[About this task]:
Once the line containing "constraint symmetric L33 L38.start" is found in the entries below, restate it and each following line word for word, stopping after the line containing "of L18.end L23.end".

[Task inputs]:
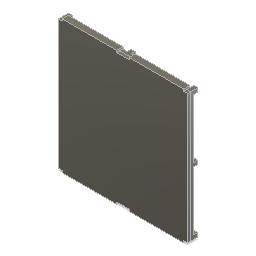
LED Cover v2 (Autodesk Fusion 360 design; units mm, degrees)
Autodesk Fusion 360 part; units mm, degrees
(part 1 of 3)
sketch "Skizze1" plane through (0, 0, 0) normal (0, 0, 1) x (1, 0, 0)
  line L0 (0, 0) -> (161, 0)
  line L1 (161, 0) -> (161, 161)
  line L2 (161, 161) -> (0, 161)
  line L3 (0, 161) -> (0, 0)
  line L4 (0, 0) -> (-2.4, 0) construction
  line L5 (-2.4, 0) -> (-2.4, -2.4) construction
  line L6 (-2.4, -2.4) -> (0, -2.4) construction
  line L7 (0, -2.4) -> (0, 0) construction
  line L8 (-2.4, -2.4) -> (163.4, -2.4)
  line L9 (163.4, -2.4) -> (163.4, 163.4)
  line L10 (163.4, 163.4) -> (-2.4, 163.4)
  line L11 (-2.4, 163.4) -> (-2.4, -2.4)
  dimension "d1" = 161
  dimension "d2" = 161
  dimension "d3" = 2.4
  dimension "d5" = 2.4
  dimension "d6" = 165.8
  dimension "d7" = 165.8
  constraint horizontal L0
  constraint vertical L1
  constraint horizontal L2
  constraint vertical L3
  constraint coincident L0.start L3.end
  constraint horizontal L4
  constraint vertical L5
  constraint horizontal L6
  constraint vertical L7
  constraint horizontal L8
  constraint vertical L9
  constraint horizontal L10
  constraint vertical L11
  measures "d1" distance of L0.start L0.end
  measures "d2" distance of L0.start L2.end
  measures "d3" distance of L5.end L6.end
  measures "d5" distance of L4.end L5.end
  measures "d6" distance of L5.end L8.end
  measures "d7" distance of L5.end L10.end
extrude "Extrusion1" add sketch "Skizze1" against normal blind 4 contours L0 L1 L2 L3 | L8 L9 L10 L11 makes body 1
sketch "Skizze2" plane through (0, 0, -4) normal (0, 0, -1) x (-1, 0, 0)
  line L0 (2.4, -2.4) -> (2.4, 163.4)
  line L1 (2.4, 163.4) -> (-163.4, 163.4)
  line L2 (-163.4, 163.4) -> (-163.4, -2.4)
  line L3 (-163.4, -2.4) -> (2.4, -2.4)
  line L4 (2.4, 163.4) -> (0, 163.4) construction
  line L5 (0, 163.4) -> (0, 161) construction
  line L6 (0, 161) -> (2.4, 161) construction
  line L7 (2.4, 161) -> (2.4, 163.4) construction
  line L8 (0, 161) -> (-35, 161) construction
  line L9 (-35, 161) -> (-35, 131) construction
  line L10 (-35, 131) -> (-35, 111) construction
  line L11 (-35, 111) -> (-35, 91) construction
  line L12 (-35, 91) -> (-35, 71) construction
  line L13 (-35, 71) -> (-35, 51) construction
  line L14 (-35, 51) -> (-35, 31) construction
  circle A0 centre (-35, 121) radius 10
  circle A1 centre (-35, 81) radius 10
  circle A2 centre (-35, 41) radius 10
  line L15 (-25, 121) -> (2.4, 121) construction
  line L16 (2.4, 121) -> (2.4, 116)
  line L17 (2.4, 116) -> (-26.3397, 116)
  line L18 (2.4, 121) -> (2.4, 126) construction
  line L19 (2.4, 126) -> (-26.3397, 126)
  line L20 (2.4, 81) -> (2.4, 76)
  line L21 (2.4, 76) -> (-26.3397, 76)
  line L22 (2.4, 81) -> (2.4, 86)
  line L23 (2.4, 86) -> (-26.3397, 86)
  line L24 (2.4, 41) -> (2.4, 36)
  line L25 (2.4, 36) -> (-26.3397, 36)
  line L26 (2.4, 41) -> (2.4, 46)
  line L27 (2.4, 46) -> (-26.3397, 46)
  line L28 (-25, 121) -> (-35, 121) construction
  line L29 (-35, 31) -> (2.4, 31) construction
  line L30 (-35, 51) -> (2.4, 51) construction
  line L31 (-35, 71) -> (2.4, 71) construction
  line L32 (-35, 91) -> (2.4, 91) construction
  line L33 (-35, 111) -> (2.4, 111) construction
  line L34 (-35, 131) -> (2.4, 131) construction
  line L35 (2.4, 131) -> (-2.6, 131)
  line L36 (-2.6, 131) -> (-2.6, 111)
  line L37 (-2.6, 111) -> (2.4, 111)
  line L38 (2.4, 111) -> (2.4, 131)
  line L39 (2.4, 91) -> (-2.6, 91)
  line L40 (-2.6, 91) -> (-2.6, 71)
  line L41 (-2.6, 71) -> (2.4, 71)
  line L42 (2.4, 71) -> (2.4, 91)
  line L43 (2.4, 51) -> (-2.6, 51)
  line L44 (-2.6, 51) -> (-2.6, 31)
  line L45 (-2.6, 31) -> (2.4, 31)
  line L46 (2.4, 31) -> (2.4, 51)
  line L47 (2.4, -2.4) -> (-2.6, -2.4)
  line L48 (-2.6, -2.4) -> (-2.6, 2.6)
  line L49 (-2.6, 2.6) -> (2.4, 2.6)
  line L50 (2.4, 2.6) -> (2.4, -2.4)
  line L51 (-78, 2.6) -> (-78, -2.4)
  line L52 (-78, -2.4) -> (-83, -2.4)
  line L53 (-83, 2.6) -> (-78, 2.6)
  line L54 (-83, -2.4) -> (-83, 2.6)
  line L55 (-158.4, 2.6) -> (-158.4, -2.4)
  line L56 (-158.4, -2.4) -> (-163.4, -2.4)
  line L57 (-163.4, 2.6) -> (-158.4, 2.6)
  line L58 (-163.4, -2.4) -> (-163.4, 2.6)
  line L59 (2.4, 83) -> (2.4, 78)
  line L60 (2.4, 78) -> (-2.6, 78)
  line L61 (-2.6, 83) -> (2.4, 83)
  line L62 (-2.6, 78) -> (-2.6, 83)
  line L63 (-78, 83) -> (-78, 78)
  line L64 (-78, 78) -> (-83, 78)
  line L65 (-83, 83) -> (-78, 83)
  line L66 (-83, 78) -> (-83, 83)
  line L67 (-158.4, 83) -> (-158.4, 78)
  line L68 (-158.4, 78) -> (-163.4, 78)
  line L69 (-163.4, 83) -> (-158.4, 83)
  line L70 (-163.4, 78) -> (-163.4, 83)
  line L71 (2.4, 163.4) -> (2.4, 158.4)
  line L72 (2.4, 158.4) -> (-2.6, 158.4)
  line L73 (-2.6, 163.4) -> (2.4, 163.4)
  line L74 (-2.6, 158.4) -> (-2.6, 163.4)
  line L75 (-78, 163.4) -> (-78, 158.4)
  line L76 (-78, 158.4) -> (-83, 158.4)
  line L77 (-83, 163.4) -> (-78, 163.4)
  line L78 (-83, 158.4) -> (-83, 163.4)
  line L79 (-158.4, 163.4) -> (-158.4, 158.4)
  line L80 (-158.4, 158.4) -> (-163.4, 158.4)
  line L81 (-163.4, 163.4) -> (-158.4, 163.4)
  line L82 (-163.4, 158.4) -> (-163.4, 163.4)
  circle A3 centre (-35, 121) radius 10.9
  line L83 (-26.3397, 126) -> (-26.3397, 127.8) construction
  line L84 (-26.3397, 127.8) -> (-2.6, 127.8)
  line L85 (-26.3397, 127.8) -> (-27.6679, 127.8)
  line L86 (-26.3397, 114.2) -> (-27.6679, 114.2)
  line L87 (-26.3397, 114.2) -> (-2.6, 114.2)
  line L88 (-26.3397, 74.2) -> (-2.6, 74.2)
  line L89 (-26.3397, 74.2) -> (-27.6679, 74.2)
  line L90 (-26.3397, 87.8) -> (-27.6679, 87.8)
  line L91 (-26.3397, 87.8) -> (-2.6, 87.8)
  circle A4 centre (-35, 81) radius 10.9
  line L92 (-26.3397, 34.2) -> (-2.6, 34.2)
  line L93 (-26.3397, 34.2) -> (-27.6679, 34.2)
  line L94 (-26.3397, 47.8) -> (-27.6679, 47.8)
  line L95 (-26.3397, 47.8) -> (-2.6, 47.8)
  circle A5 centre (-35, 41) radius 10.9
  dimension "d12" = 2.4
  dimension "d13" = 2.4
  dimension "d14" = 35
  dimension "d15" = 30
  dimension "d16" = 20
  dimension "d17" = 20
  dimension "d18" = 20
  dimension "d19" = 20
  dimension "d20" = 20
  dimension "d21" = 20
  dimension "d22" = 20
  dimension "d23" = 20
  dimension "d24" = 5
  dimension "d27" = 0
  dimension "d28" = -80
  dimension "d31" = 5
  dimension "d32" = 5
  dimension "d33" = 5
  dimension "d34" = 5
  dimension "d35" = 5
  dimension "d38" = -160.8
  dimension "d39" = 160.8
  dimension "d74" = 21.8
  dimension "d75" = 1.8
  constraint horizontal L4
  constraint vertical L5
  constraint horizontal L6
  constraint vertical L7
  constraint coincident L0.end L1.start
  constraint perpendicular L5 L8
  constraint perpendicular L8 L9
  constraint parallel L9 L10
  constraint parallel L10 L11
  constraint parallel L11 L12
  constraint parallel L12 L13
  constraint parallel L13 L14
  constraint midpoint L10 A0.centre
  constraint midpoint L12 A1.centre
  constraint coincident L14 A2.centre
  constraint coincident A0 L15.start
  constraint coincident L0 L15.end
  constraint perpendicular L0 L15
  constraint perpendicular L15 L16
  constraint horizontal L17
  constraint coincident A0 L17.end
  constraint symmetric L16.start L15 L18.start
  constraint symmetric L15 L16.end L18.end
  constraint symmetric L15 L17.end L19.end
  constraint midpoint L14 A2.centre
  constraint coincident A0.centre L28.end
  constraint perpendicular L10 L28
  constraint coincident L0 L29.end
  constraint tangent A2 L29
  constraint perpendicular L0 L29
  constraint coincident L0 L30.end
  constraint tangent A2 L30
  constraint perpendicular L0 L30
  constraint coincident L0 L31.end
  constraint tangent A1 L31
  constraint perpendicular L0 L31
  constraint coincident L0 L32.end
  constraint tangent A1 L32
  constraint perpendicular L0 L32
  constraint coincident L0 L33.end
  constraint tangent A0 L33
  constraint perpendicular L0 L33
  constraint coincident L0 L34.end
  constraint tangent A0 L34
  constraint perpendicular L0 L34
  constraint horizontal L35
  constraint vertical L36
  constraint horizontal L37
  constraint vertical L38
  constraint horizontal L39
  constraint vertical L40
  constraint horizontal L41
  constraint vertical L42
  constraint coincident L31 L40.end
  constraint horizontal L43
  constraint vertical L44
  constraint horizontal L45
  constraint vertical L46
  constraint coincident L29 L44.end
  constraint horizontal L47
  constraint vertical L48
  constraint horizontal L49
  constraint vertical L50
  constraint coincident L0.start L3.end
  constraint vertical L83
  constraint horizontal L84
  constraint coincident L36 L84.end
  constraint coincident A0 L85.end
  constraint perpendicular L83 L85
  constraint symmetric L15 L83.end L86.start
  constraint symmetric L15 L84.end L87.end
  constraint symmetric L15 L85.end L86.end
  measures "d12" distance of L0.end L4.end
  measures "d13" distance of L0.end L6.end
  measures "d14" distance of L5.end L8.end
  measures "d15" distance of L8.end L9.end
  measures "d16" distance of L9.end L10.end
  measures "d17" distance of L10.end L11.end
  measures "d18" distance of L11.end L12.end
  measures "d19" distance of L12.end L13.end
  measures "d20" distance of L13.end L14.end
  measures "d24" distance of L15.end L16.end
  measures "d31" distance of L34.end L35.end
  measures "d32" distance of L32.end L39.end
  measures "d33" distance of L30.end L43.end
  measures "d34" distance of L0.start L47.end
  measures "d35" distance of L0.start L49.end
  measures "d75" distance of L19.end L83.end
extrude "Extrusion3" cut sketch "Skizze2" against normal blind 5 contours L0 L24 L25 L26 L27 L44 L46 | L25 L27 L44 A5 | A2 L25 L27 A5 | A2 | L0 L20 L21 L40 L42 L60 | L0 L20 L22 L40 L42 L59 L60 L61 L62 | L21 L23 L40 L62 A4 | A1 L21 L23 A4 | L0 L22 L23 L40 L42 L61 | A1 | L0 L16 L17 L19 L36 L38 | L17 L19 L36 A3 | A0 L17 L19 A3 | A0 bodies 1
extrude "Extrusion4" add sketch "Skizze2" along normal blind 5 contours L0 L3 L47 L48 L49 L50 | L3 L51 L52 L53 L54 | L2 L3 L55 L56 L57 L58 | L2 L67 L68 L69 L70 | L0 L20 L22 L40 L42 L59 L60 L61 L62 | L1 L2 L79 L80 L81 L82 | L1 L75 L76 L77 L78 | L0 L1 L71 L72 L73 L74 | L63 L64 L65 L66 bodies 1 makes body 2 at (-0.7333, 78, -5.6667)
extrude "Extrusion9" add sketch "Skizze2" along normal blind 1 contours L0 L25 L44 L45 L46 | L0 L24 L25 L26 L27 L44 L46 | L25 L44 L92 L93 A5 | L25 L27 L44 A5 | L0 L27 L43 L44 L46 | A2 L25 L93 A5 | A2 L25 L27 A5 | L27 L44 L94 L95 A5 | A2 | A2 L93 L94 A5 | A2 L27 L94 A5 | L0 L21 L40 L41 L42 | L0 L20 L21 L40 L42 L60 | L0 L20 L22 L40 L42 L59 L60 L61 L62 | L21 L40 L88 L89 A4 | L21 L23 L40 L62 A4 | A1 L21 L89 A4 | A1 L21 L23 A4 | L0 L22 L23 L40 L42 L61 | A1 | A1 L89 L90 A4 | L0 L23 L39 L40 L42 | L23 L40 L90 L91 A4 | A1 L23 L90 A4 | L0 L17 L36 L37 L38 | L0 L16 L17 L19 L36 L38 | L17 L36 A3 L86 L87 | L17 L19 L36 A3 | L0 L19 L35 L36 L38 | A0 L17 A3 L86 | A0 L17 L19 A3 | L19 L36 A3 L84 L85 | A0 | A0 A3 L85 L86 | A0 L19 A3 L85 bodies 2 1
sketch "Skizze3" plane through (0, 0, 0) normal (0, 0, 1) x (1, 0, 0)
  line L0 (-2.4, 86) -> (26.3397, 86)
  arc A0 (26.3397, 76) -> (26.3397, 86) centre (35, 81) ccw
  line L1 (26.3397, 76) -> (-2.4, 76)
  line L2 (-2.4, 76) -> (-2.4, 46)
  line L3 (-2.4, 46) -> (26.3397, 46)
  arc A1 (26.3397, 36) -> (26.3397, 46) centre (35, 41) ccw
  line L4 (26.3397, 36) -> (-2.4, 36)
  line L5 (-2.4, 36) -> (-2.4, -2.4)
  line L6 (-2.4, -2.4) -> (163.4, -2.4)
  line L7 (163.4, -2.4) -> (163.4, 163.4)
  line L8 (163.4, 163.4) -> (-2.4, 163.4)
  line L9 (-2.4, 163.4) -> (-2.4, 126)
  line L10 (-2.4, 126) -> (26.3397, 126)
  arc A2 (26.3397, 116) -> (26.3397, 126) centre (35, 121) ccw
  line L11 (26.3397, 116) -> (-2.4, 116)
  line L12 (-2.4, 116) -> (-2.4, 86)
  line L13 (163.4, 163.4) -> (-2.4, 163.4)
  line L14 (-2.4, 163.4) -> (-2.4, -2.4)
  line L15 (-2.4, -2.4) -> (163.4, -2.4)
  line L16 (163.4, -2.4) -> (163.4, 163.4)
  line L17 (-2.4, -2.4) -> (0, -2.4) construction
  line L18 (0, -2.4) -> (0, 0) construction
  line L19 (0, 0) -> (-2.4, 0) construction
  line L20 (-2.4, 0) -> (-2.4, -2.4) construction
  line L21 (0, 0) -> (161, 0)
  line L22 (161, 0) -> (161, 161)
  line L23 (161, 161) -> (0, 161)
  line L24 (0, 161) -> (0, 0)
  line L25 (-2.4, 163.4) -> (72.6, 163.4)
  line L26 (72.6, 163.4) -> (72.6, 165.9)
  line L27 (72.6, 165.9) -> (-2.4, 165.9)
  line L28 (-2.4, 165.9) -> (-2.4, 163.4)
  line L29 (-2.4, 165.9) -> (2.6, 165.9) construction
  line L30 (2.6, 165.9) -> (2.6, 163.4)
  line L31 (2.6, 163.4) -> (2.6, 161)
  line L32 (80.5, 161) -> (80.5, 144.4743) construction
  line L33 (161, 80.5) -> (141.9366, 80.5) construction
  line L34 (163.4, 163.4) -> (88.4, 163.4)
  line L35 (88.4, 163.4) -> (88.4, 165.9)
  line L36 (88.4, 165.9) -> (163.4, 165.9)
  line L37 (163.4, 165.9) -> (163.4, 163.4)
  line L38 (158.4, 163.4) -> (158.4, 161)
  line L39 (158.4, 165.9) -> (158.4, 163.4)
  line L40 (163.4, -2.4) -> (88.4, -2.4)
  line L41 (88.4, -2.4) -> (88.4, -4.9)
  line L42 (88.4, -4.9) -> (163.4, -4.9)
  line L43 (163.4, -4.9) -> (163.4, -2.4)
  line L44 (158.4, -2.4) -> (158.4, 0)
  line L45 (158.4, -4.9) -> (158.4, -2.4)
  line L46 (-2.4, -2.4) -> (72.6, -2.4)
  line L47 (72.6, -2.4) -> (72.6, -4.9)
  line L48 (-2.4, -4.9) -> (-2.4, -2.4)
  line L49 (2.6, -2.4) -> (2.6, 0)
  line L50 (2.6, -4.9) -> (2.6, -2.4)
  line L51 (72.6, -4.9) -> (-2.4, -4.9)
  line L52 (88.4, 163.4) -> (88.4, 161)
  line L53 (72.6, 163.4) -> (72.6, 161)
  line L54 (72.6, -2.4) -> (72.6, 0)
  line L55 (88.4, -2.4) -> (88.4, 0)
  dimension "d42" = 2.4
  dimension "d43" = 2.4
  dimension "d44" = 161
  dimension "d45" = 161
  dimension "d46" = 75
  dimension "d47" = 2.5
  dimension "d48" = 5
  constraint horizontal L13
  constraint vertical L14
  constraint horizontal L15
  constraint vertical L16
  constraint coincident L5.end L6.start
  constraint coincident L7.end L8.start
  constraint horizontal L17
  constraint vertical L18
  constraint horizontal L19
  constraint vertical L20
  constraint horizontal L21
  constraint vertical L22
  constraint horizontal L23
  constraint vertical L24
  constraint coincident L18.end L19.start
  constraint horizontal L25
  constraint vertical L26
  constraint horizontal L27
  constraint vertical L28
  constraint coincident L8.end L9.start
  constraint perpendicular L28 L29
  constraint vertical L30
  constraint coincident L25 L30.end
  constraint coincident L23 L31.end
  constraint perpendicular L23 L31
  constraint midpoint L23 L32.start
  constraint perpendicular L23 L32
  constraint midpoint L22 L33.start
  constraint perpendicular L22 L33
  constraint symmetric L8.end L32 L7.end
  constraint symmetric L25.end L32 L34.end
  constraint symmetric L26.end L32 L35.end
  constraint symmetric L27.end L32 L36.end
  constraint symmetric L29.end L32 L39.start
  constraint symmetric L30.end L32 L38.start
  constraint symmetric L31.end L32 L38.end
  constraint symmetric L8.end L33 L5.end
  constraint symmetric L25.end L33 L46.end
  constraint symmetric L26.end L33 L47.end
  constraint symmetric L27.end L33 L48.start
  constraint symmetric L29.end L33 L50.start
  constraint symmetric L30.end L33 L49.start
  constraint symmetric L31.end L33 L49.end
  constraint symmetric L33 L7.end L6.end
  constraint symmetric L33 L34.end L40.end
  constraint symmetric L33 L35.end L41.end
  constraint symmetric L33 L36.end L42.end
  constraint symmetric L33 L38.start L44.start
  constraint symmetric L33 L38.end L44.end
  constraint symmetric L33 L39.start L45.start
  constraint coincident L23 L52.end
  constraint perpendicular L23 L52
  constraint symmetric L32 L34.end L25.end
  constraint symmetric L32 L52.end L53.end
  constraint symmetric L33 L52.end L55.end
  constraint symmetric L33 L25.end L46.end
  constraint symmetric L33 L53.end L54.end
  measures "d42" distance of L5.end L17.end
  measures "d43" distance of L5.end L19.end
  measures "d44" distance of L18.end L21.end
  measures "d45" distance of L18.end L23.end
  measures "d46" distance of L8.end L25.end
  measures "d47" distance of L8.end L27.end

[Exercise response]:
  constraint symmetric L33 L38.start L44.start
  constraint symmetric L33 L38.end L44.end
  constraint symmetric L33 L39.start L45.start
  constraint coincident L23 L52.end
  constraint perpendicular L23 L52
  constraint symmetric L32 L34.end L25.end
  constraint symmetric L32 L52.end L53.end
  constraint symmetric L33 L52.end L55.end
  constraint symmetric L33 L25.end L46.end
  constraint symmetric L33 L53.end L54.end
  measures "d42" distance of L5.end L17.end
  measures "d43" distance of L5.end L19.end
  measures "d44" distance of L18.end L21.end
  measures "d45" distance of L18.end L23.end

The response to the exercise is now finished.